Please restate word for word only the lines that start at the one containing "#202=CARTESIAN_POINT('',(-8.5,4.90747728811182,39.));" and continue to the final line of the material.

======== Material shown ========

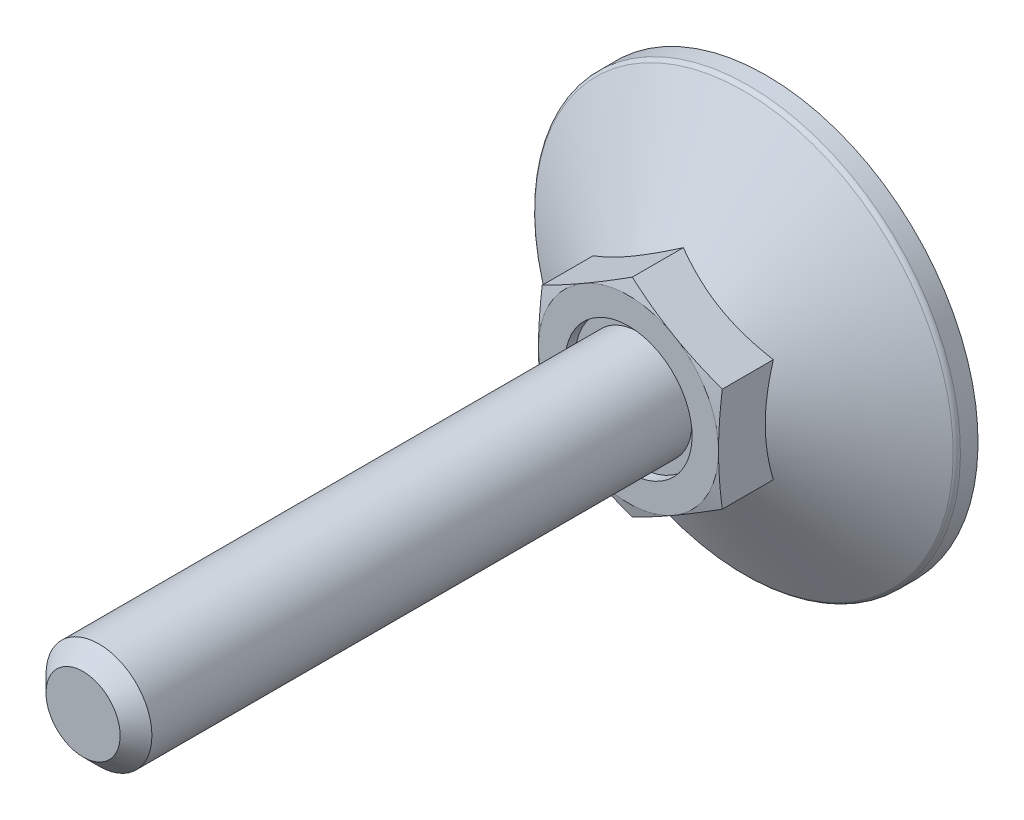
ISO-10303-21;
HEADER;
FILE_DESCRIPTION(('STEP AP214'),'2;1');
FILE_NAME('part.step','',(''),(''),'','','');
FILE_SCHEMA(('AUTOMOTIVE_DESIGN { 1 0 10303 214 1 1 1 1 }'));
ENDSEC;
DATA;
#1=APPLICATION_CONTEXT('core data for automotive mechanical design processes');
#2=APPLICATION_PROTOCOL_DEFINITION('international standard','automotive_design',2000,#1);
#3=PRODUCT_CONTEXT('',#1,'mechanical');
#4=PRODUCT('Part','Part','',(#3));
#5=PRODUCT_RELATED_PRODUCT_CATEGORY('part','',(#4));
#6=PRODUCT_DEFINITION_FORMATION('','',#4);
#7=PRODUCT_DEFINITION_CONTEXT('part definition',#1,'design');
#8=PRODUCT_DEFINITION('design','',#6,#7);
#9=PRODUCT_DEFINITION_SHAPE('','',#8);
#10=(LENGTH_UNIT() NAMED_UNIT(*) SI_UNIT(.MILLI.,.METRE.));
#11=(NAMED_UNIT(*) PLANE_ANGLE_UNIT() SI_UNIT($,.RADIAN.));
#12=(NAMED_UNIT(*) SI_UNIT($,.STERADIAN.) SOLID_ANGLE_UNIT());
#13=UNCERTAINTY_MEASURE_WITH_UNIT(LENGTH_MEASURE(1.E-05),#10,'distance_accuracy_value','');
#14=(GEOMETRIC_REPRESENTATION_CONTEXT(3) GLOBAL_UNCERTAINTY_ASSIGNED_CONTEXT((#13)) GLOBAL_UNIT_ASSIGNED_CONTEXT((#10,
#11,#12)) REPRESENTATION_CONTEXT('',''));
#15=CARTESIAN_POINT('',(0.,0.,0.));
#16=DIRECTION('',(0.,0.,1.));
#17=DIRECTION('',(1.,0.,0.));
#18=AXIS2_PLACEMENT_3D('',#15,#16,#17);
#19=CARTESIAN_POINT('',(10.2,0.,0.));
#20=DIRECTION('',(0.,0.,1.));
#21=DIRECTION('',(0.,-1.,0.));
#22=AXIS2_PLACEMENT_3D('',#19,#20,#21);
#23=PLANE('',#22);
#24=DIRECTION('',(1.,0.,0.));
#25=VECTOR('',#24,1.);
#26=CARTESIAN_POINT('',(1.,-1.,0.));
#27=LINE('',#26,#25);
#28=CARTESIAN_POINT('',(1.,-1.,0.));
#29=VERTEX_POINT('',#28);
#30=CARTESIAN_POINT('',(6.66666666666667,-1.,0.));
#31=VERTEX_POINT('',#30);
#32=EDGE_CURVE('E355',#29,#31,#27,.T.);
#33=ORIENTED_EDGE('',*,*,#32,.T.);
#34=DIRECTION('',(0.,-1.,0.));
#35=VECTOR('',#34,1.);
#36=CARTESIAN_POINT('',(6.66666666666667,0.,0.));
#37=LINE('',#36,#35);
#38=CARTESIAN_POINT('',(6.66666666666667,1.,0.));
#39=VERTEX_POINT('',#38);
#40=EDGE_CURVE('E375',#39,#31,#37,.T.);
#41=ORIENTED_EDGE('',*,*,#40,.F.);
#42=DIRECTION('',(-1.,0.,0.));
#43=VECTOR('',#42,1.);
#44=CARTESIAN_POINT('',(6.66666666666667,1.,0.));
#45=LINE('',#44,#43);
#46=CARTESIAN_POINT('',(1.,1.,0.));
#47=VERTEX_POINT('',#46);
#48=EDGE_CURVE('E659',#39,#47,#45,.T.);
#49=ORIENTED_EDGE('',*,*,#48,.T.);
#50=DIRECTION('',(0.,1.,0.));
#51=VECTOR('',#50,1.);
#52=CARTESIAN_POINT('',(1.,1.,0.));
#53=LINE('',#52,#51);
#54=CARTESIAN_POINT('',(1.,6.66666666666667,0.));
#55=VERTEX_POINT('',#54);
#56=EDGE_CURVE('E656',#47,#55,#53,.T.);
#57=ORIENTED_EDGE('',*,*,#56,.T.);
#58=DIRECTION('',(-1.,0.,0.));
#59=VECTOR('',#58,1.);
#60=CARTESIAN_POINT('',(1.,6.66666666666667,0.));
#61=LINE('',#60,#59);
#62=CARTESIAN_POINT('',(-1.,6.66666666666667,0.));
#63=VERTEX_POINT('',#62);
#64=EDGE_CURVE('E650',#55,#63,#61,.T.);
#65=ORIENTED_EDGE('',*,*,#64,.T.);
#66=DIRECTION('',(0.,-1.,0.));
#67=VECTOR('',#66,1.);
#68=CARTESIAN_POINT('',(-1.,6.66666666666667,0.));
#69=LINE('',#68,#67);
#70=CARTESIAN_POINT('',(-1.,1.,0.));
#71=VERTEX_POINT('',#70);
#72=EDGE_CURVE('E175',#63,#71,#69,.T.);
#73=ORIENTED_EDGE('',*,*,#72,.T.);
#74=DIRECTION('',(-1.,0.,0.));
#75=VECTOR('',#74,1.);
#76=CARTESIAN_POINT('',(-1.,1.,0.));
#77=LINE('',#76,#75);
#78=CARTESIAN_POINT('',(-6.66666666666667,1.,0.));
#79=VERTEX_POINT('',#78);
#80=EDGE_CURVE('E29',#71,#79,#77,.T.);
#81=ORIENTED_EDGE('',*,*,#80,.T.);
#82=DIRECTION('',(0.,-1.,0.));
#83=VECTOR('',#82,1.);
#84=CARTESIAN_POINT('',(-6.66666666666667,1.,0.));
#85=LINE('',#84,#83);
#86=CARTESIAN_POINT('',(-6.66666666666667,-1.,0.));
#87=VERTEX_POINT('',#86);
#88=EDGE_CURVE('E179',#79,#87,#85,.T.);
#89=ORIENTED_EDGE('',*,*,#88,.T.);
#90=DIRECTION('',(1.,0.,0.));
#91=VECTOR('',#90,1.);
#92=CARTESIAN_POINT('',(-6.66666666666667,-1.,0.));
#93=LINE('',#92,#91);
#94=CARTESIAN_POINT('',(-1.,-1.,0.));
#95=VERTEX_POINT('',#94);
#96=EDGE_CURVE('E684',#87,#95,#93,.T.);
#97=ORIENTED_EDGE('',*,*,#96,.T.);
#98=DIRECTION('',(0.,-1.,0.));
#99=VECTOR('',#98,1.);
#100=CARTESIAN_POINT('',(-1.,-1.,0.));
#101=LINE('',#100,#99);
#102=CARTESIAN_POINT('',(-1.,-6.66666666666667,0.));
#103=VERTEX_POINT('',#102);
#104=EDGE_CURVE('E686',#95,#103,#101,.T.);
#105=ORIENTED_EDGE('',*,*,#104,.T.);
#106=DIRECTION('',(1.,0.,0.));
#107=VECTOR('',#106,1.);
#108=CARTESIAN_POINT('',(-1.,-6.66666666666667,0.));
#109=LINE('',#108,#107);
#110=CARTESIAN_POINT('',(1.,-6.66666666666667,0.));
#111=VERTEX_POINT('',#110);
#112=EDGE_CURVE('E690',#103,#111,#109,.T.);
#113=ORIENTED_EDGE('',*,*,#112,.T.);
#114=DIRECTION('',(0.,1.,0.));
#115=VECTOR('',#114,1.);
#116=CARTESIAN_POINT('',(1.,-6.66666666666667,0.));
#117=LINE('',#116,#115);
#118=EDGE_CURVE('E697',#111,#29,#117,.T.);
#119=ORIENTED_EDGE('',*,*,#118,.T.);
#120=EDGE_LOOP('',(#33,#41,#49,#57,#65,#73,#81,#89,#97,#105,#113,#119));
#121=FACE_BOUND('',#120,.T.);
#122=CARTESIAN_POINT('',(0.,0.,0.));
#123=DIRECTION('',(0.,0.,-1.));
#124=DIRECTION('',(0.,1.,0.));
#125=AXIS2_PLACEMENT_3D('',#122,#123,#124);
#126=CIRCLE('',#125,20.);
#127=CARTESIAN_POINT('',(0.,20.,0.));
#128=VERTEX_POINT('',#127);
#129=EDGE_CURVE('E184',#128,#128,#126,.T.);
#130=ORIENTED_EDGE('',*,*,#129,.T.);
#131=EDGE_LOOP('',(#130));
#132=FACE_BOUND('',#131,.T.);
#133=ADVANCED_FACE('F14',(#121,#132),#23,.F.);
#134=CARTESIAN_POINT('',(0.,0.,12.025));
#135=DIRECTION('',(0.,0.,-1.));
#136=DIRECTION('',(0.,1.,0.));
#137=AXIS2_PLACEMENT_3D('',#134,#135,#136);
#138=PLANE('',#137);
#139=CARTESIAN_POINT('',(0.,0.,12.025));
#140=DIRECTION('',(0.,0.,-1.));
#141=DIRECTION('',(0.,1.,0.));
#142=AXIS2_PLACEMENT_3D('',#139,#140,#141);
#143=CIRCLE('',#142,6.);
#144=CARTESIAN_POINT('',(0.,6.,12.025));
#145=VERTEX_POINT('',#144);
#146=EDGE_CURVE('E376',#145,#145,#143,.T.);
#147=ORIENTED_EDGE('',*,*,#146,.F.);
#148=EDGE_LOOP('',(#147));
#149=FACE_BOUND('',#148,.T.);
#150=CARTESIAN_POINT('',(0.,0.,12.025));
#151=DIRECTION('',(0.,0.,-1.));
#152=DIRECTION('',(0.,1.,0.));
#153=AXIS2_PLACEMENT_3D('',#150,#151,#152);
#154=CIRCLE('',#153,5.);
#155=CARTESIAN_POINT('',(0.,5.,12.025));
#156=VERTEX_POINT('',#155);
#157=EDGE_CURVE('E180',#156,#156,#154,.F.);
#158=ORIENTED_EDGE('',*,*,#157,.F.);
#159=EDGE_LOOP('',(#158));
#160=FACE_BOUND('',#159,.T.);
#161=ADVANCED_FACE('F343',(#149,#160),#138,.F.);
#162=CARTESIAN_POINT('',(0.,9.81495457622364,39.));
#163=DIRECTION('',(0.5,-0.866025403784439,0.));
#164=DIRECTION('',(0.866025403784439,0.5,0.));
#165=AXIS2_PLACEMENT_3D('',#162,#163,#164);
#166=PLANE('',#165);
#167=CARTESIAN_POINT('',(-8.5002,4.90736181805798,7.83027204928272));
#168=CARTESIAN_POINT('',(-8.31336077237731,5.01523349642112,7.89254195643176));
#169=CARTESIAN_POINT('',(-8.1258249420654,5.1235073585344,7.95198579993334));
#170=CARTESIAN_POINT('',(-7.74923024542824,5.34093440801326,8.06444298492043));
#171=CARTESIAN_POINT('',(-7.56017075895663,5.45008795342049,8.1174535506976));
#172=CARTESIAN_POINT('',(-6.9899652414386,5.77929626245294,8.26579470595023));
#173=CARTESIAN_POINT('',(-6.60656835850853,6.00065055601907,8.3501691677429));
#174=CARTESIAN_POINT('',(-6.03282233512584,6.33190297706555,8.44910807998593));
#175=CARTESIAN_POINT('',(-5.84418723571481,6.44081150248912,8.47729289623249));
#176=CARTESIAN_POINT('',(-5.46606397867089,6.65912106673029,8.52455401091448));
#177=CARTESIAN_POINT('',(-5.27657589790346,6.76852206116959,8.54363111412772));
#178=CARTESIAN_POINT('',(-4.8972734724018,6.98751241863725,8.57219332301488));
#179=CARTESIAN_POINT('',(-4.7074597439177,7.09710142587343,8.58168931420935));
#180=CARTESIAN_POINT('',(-4.32765694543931,7.3163806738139,8.59088571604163));
#181=CARTESIAN_POINT('',(-4.13766788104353,7.42607091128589,8.59058642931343));
#182=CARTESIAN_POINT('',(-3.78247698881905,7.63114046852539,8.58087362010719));
#183=CARTESIAN_POINT('',(-3.6172500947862,7.72653426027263,8.57264492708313));
#184=CARTESIAN_POINT('',(-3.28718328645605,7.9170984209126,8.54893885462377));
#185=CARTESIAN_POINT('',(-3.12234339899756,8.01226877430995,8.53346098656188));
#186=CARTESIAN_POINT('',(-2.62846189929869,8.29741139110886,8.47651947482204));
#187=CARTESIAN_POINT('',(-2.30029449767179,8.48687892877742,8.42455503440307));
#188=CARTESIAN_POINT('',(-1.64047857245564,8.86782383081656,8.29464315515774));
#189=CARTESIAN_POINT('',(-1.30891425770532,9.05925257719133,8.21614502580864));
#190=CARTESIAN_POINT('',(-0.650730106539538,9.43925537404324,8.03798675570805));
#191=CARTESIAN_POINT('',(-0.324101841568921,9.62783429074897,7.93836845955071));
#192=CARTESIAN_POINT('',(0.000199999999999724,9.81507004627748,7.83027204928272));
#193=B_SPLINE_CURVE_WITH_KNOTS('',3,(#167,#168,#169,#170,#171,#172,#173,#174,#175,#176,#177,
#178,#179,#180,#181,#182,#183,#184,#185,#186,#187,#188,#189,#190,#191,#192),.UNSPECIFIED.,.F.,
.F.,(4,2,2,2,2,2,2,2,2,2,2,2,4),(0.,0.673596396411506,1.34748239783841,2.69805431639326,
3.356799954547,4.01548737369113,4.67342558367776,5.33134346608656,5.90409556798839,
6.47688628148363,7.62328361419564,8.79510569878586,9.9646274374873),.UNSPECIFIED.);
#194=CARTESIAN_POINT('',(-8.5,4.90747728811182,7.83033871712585));
#195=VERTEX_POINT('',#194);
#196=CARTESIAN_POINT('',(0.,9.81495457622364,7.83033871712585));
#197=VERTEX_POINT('',#196);
#198=EDGE_CURVE('E254',#195,#197,#193,.T.);
#199=ORIENTED_EDGE('',*,*,#198,.F.);
#200=DIRECTION('',(0.,0.,-1.));
#201=VECTOR('',#200,1.);
#202=CARTESIAN_POINT('',(-8.5,4.90747728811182,39.));
#203=LINE('',#202,#201);
#204=CARTESIAN_POINT('',(-8.5,4.90747728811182,12.6476589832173));
#205=VERTEX_POINT('',#204);
#206=EDGE_CURVE('E429',#205,#195,#203,.T.);
#207=ORIENTED_EDGE('',*,*,#206,.F.);
#208=CARTESIAN_POINT('',(0.000200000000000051,9.81507004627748,12.6476280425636));
#209=CARTESIAN_POINT('',(-0.352800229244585,9.61126526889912,12.7022599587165));
#210=CARTESIAN_POINT('',(-0.706440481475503,9.40709097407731,12.7518566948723));
#211=CARTESIAN_POINT('',(-1.41496987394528,8.99802133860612,12.8389934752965));
#212=CARTESIAN_POINT('',(-1.76985946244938,8.79312573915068,12.8765286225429));
#213=CARTESIAN_POINT('',(-2.47873586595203,8.38385575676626,12.9373509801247));
#214=CARTESIAN_POINT('',(-2.83271788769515,8.17948414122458,12.9607107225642));
#215=CARTESIAN_POINT('',(-3.5411333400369,7.77048028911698,12.9920337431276));
#216=CARTESIAN_POINT('',(-3.89556667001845,7.56584811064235,13.));
#217=CARTESIAN_POINT('',(-4.60443332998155,7.15658375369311,13.));
#218=CARTESIAN_POINT('',(-4.9588666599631,6.95195157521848,12.9920337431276));
#219=CARTESIAN_POINT('',(-5.66728211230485,6.54294772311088,12.9607107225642));
#220=CARTESIAN_POINT('',(-6.02126413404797,6.33857610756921,12.9373509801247));
#221=CARTESIAN_POINT('',(-6.73014053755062,5.92930612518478,12.8765286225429));
#222=CARTESIAN_POINT('',(-7.08503012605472,5.72441052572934,12.8389934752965));
#223=CARTESIAN_POINT('',(-7.7935595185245,5.31534089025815,12.7518566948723));
#224=CARTESIAN_POINT('',(-8.14719977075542,5.11116659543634,12.7022599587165));
#225=CARTESIAN_POINT('',(-8.5002,4.90736181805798,12.6476280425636));
#226=B_SPLINE_CURVE_WITH_KNOTS('',3,(#208,#209,#210,#211,#212,#213,#214,#215,#216,#217,#218,
#219,#220,#221,#222,#223,#224,#225),.UNSPECIFIED.,.F.,.F.,(4,2,2,2,2,2,2,2,4),(0.,
1.23382789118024,2.46815608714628,3.69611406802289,4.92383440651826,6.15155474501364,
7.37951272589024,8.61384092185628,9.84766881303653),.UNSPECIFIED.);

========

### Answer space
#202=CARTESIAN_POINT('',(-8.5,4.90747728811182,39.));
#203=LINE('',#202,#201);
#204=CARTESIAN_POINT('',(-8.5,4.90747728811182,12.6476589832173));
#205=VERTEX_POINT('',#204);
#206=EDGE_CURVE('E429',#205,#195,#203,.T.);
#207=ORIENTED_EDGE('',*,*,#206,.F.);
#208=CARTESIAN_POINT('',(0.000200000000000051,9.81507004627748,12.6476280425636));
#209=CARTESIAN_POINT('',(-0.352800229244585,9.61126526889912,12.7022599587165));
#210=CARTESIAN_POINT('',(-0.706440481475503,9.40709097407731,12.7518566948723));
#211=CARTESIAN_POINT('',(-1.41496987394528,8.99802133860612,12.8389934752965));
#212=CARTESIAN_POINT('',(-1.76985946244938,8.79312573915068,12.8765286225429));
#213=CARTESIAN_POINT('',(-2.47873586595203,8.38385575676626,12.9373509801247));
#214=CARTESIAN_POINT('',(-2.83271788769515,8.17948414122458,12.9607107225642));
#215=CARTESIAN_POINT('',(-3.5411333400369,7.77048028911698,12.9920337431276));
#216=CARTESIAN_POINT('',(-3.89556667001845,7.56584811064235,13.));
#217=CARTESIAN_POINT('',(-4.60443332998155,7.15658375369311,13.));
#218=CARTESIAN_POINT('',(-4.9588666599631,6.95195157521848,12.9920337431276));
#219=CARTESIAN_POINT('',(-5.66728211230485,6.54294772311088,12.9607107225642));
#220=CARTESIAN_POINT('',(-6.02126413404797,6.33857610756921,12.9373509801247));
#221=CARTESIAN_POINT('',(-6.73014053755062,5.92930612518478,12.8765286225429));
#222=CARTESIAN_POINT('',(-7.08503012605472,5.72441052572934,12.8389934752965));
#223=CARTESIAN_POINT('',(-7.7935595185245,5.31534089025815,12.7518566948723));
#224=CARTESIAN_POINT('',(-8.14719977075542,5.11116659543634,12.7022599587165));
#225=CARTESIAN_POINT('',(-8.5002,4.90736181805798,12.6476280425636));
#226=B_SPLINE_CURVE_WITH_KNOTS('',3,(#208,#209,#210,#211,#212,#213,#214,#215,#216,#217,#218,
#219,#220,#221,#222,#223,#224,#225),.UNSPECIFIED.,.F.,.F.,(4,2,2,2,2,2,2,2,4),(0.,
1.23382789118024,2.46815608714628,3.69611406802289,4.92383440651826,6.15155474501364,
7.37951272589024,8.61384092185628,9.84766881303653),.UNSPECIFIED.);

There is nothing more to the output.